Niet in geschil dat binnen vijf jaar na de datum van beëindiging van de arbeidsongeschiktheidsuitkering sprake is van toegenomen medische beperkingen die voortkomen uit dezelfde ziekteoorzaak op grond waarvan appellant eerder recht had op een WGA-uitkering. In geschil is de vraag of het Uwv terecht heeft vastgesteld dat voor appellant pas met ingang van 1 mei 2019 recht op een uitkering op grond van de Wet WIA is ontstaan, omdat per die datum sprake is van toegenomen beperkingen uit dezelfde ziekteoorzaak. Volgens appellant is het recht op uitkering eerder ontstaan, namelijk op 6 januari 2019.
4.9.
Het oordeel van de rechtbank dat het Uwv met juistheid heeft gesteld dat pas met ingang van 1 mei 2019 recht op een uitkering op grond van de Wet WIA is ontstaan wordt, gelet op wat is overwogen in 4.3 en 4.4, onderschreven. De beperkingen van appellant zijn dus niet eerder dan op 1 mei 2019 verslechterd. Het hoger beroep tegen aangevallen uitspraak 2 slaagt niet. Aangevallen uitspraak 2 zal worden bevestigd.

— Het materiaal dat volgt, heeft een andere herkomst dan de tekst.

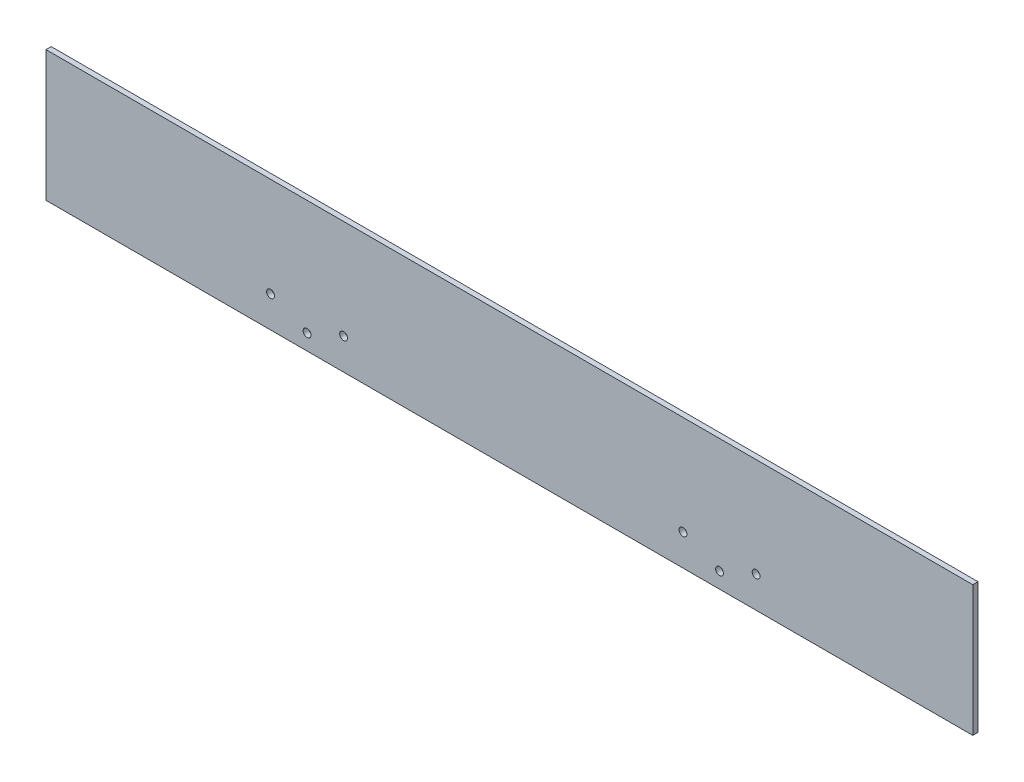
SolidWorks part; units mm, degrees
ref_plane "Plan de face" through (0, 0, 0) normal (0, 0, 1) x (1, 0, 0)
ref_plane "Plan de dessus" through (0, 0, 0) normal (0, 1, 0) x (1, 0, 0)
ref_plane "Plan de droite" through (0, 0, 0) normal (1, 0, 0) x (0, 0, -1)
sketch "Esquisse1" plane through (0, 0, 0) normal (0, 0, 1) x (1, 0, 0)
  line L1 (-177.5, 25) -> (177.5, 25)
  line L2 (-177.5, 25) -> (-177.5, -25)
  line L3 (-177.5, -25) -> (177.5, -25)
  line L4 (177.5, 25) -> (177.5, -25)
  line L5 (-177.5, 25) -> (177.5, -25) construction
  line L6 (-177.5, -25) -> (177.5, 25) construction
  point P0 (0, 0)
  dimension "D1" = 355
  dimension "D2" = 50
extrude "Boss.-Extru.1" add sketch "Esquisse1" along normal blind 2
sketch "Esquisse2" plane through (0, 0, 0) normal (0, 0, -1) x (-1, 0, 0)
  circle A0 centre (-94.5, -13) radius 1.5
  circle A1 centre (-80.5, -19) radius 1.5
  circle A2 centre (-66.5, -13) radius 1.5
  circle A3 centre (77.5, -19) radius 1.5
  circle A4 centre (63.5, -13) radius 1.5
  circle A5 centre (91.5, -13) radius 1.5
extrude "Enlèv. mat.-Extru.1" cut sketch "Esquisse2" against normal through all

5. Voor een veroordeling in de proceskosten bestaat geen aanleiding.

BESLISSING

De Centrale Raad van Beroep bevestigt de aangevallen uitspraken.
Deze uitspraak is gedaan door S. Wijna, in tegenwoordigheid van L.R. Kokhuis als griffier. De beslissing is uitgesproken in het openbaar op 8 februari 2023.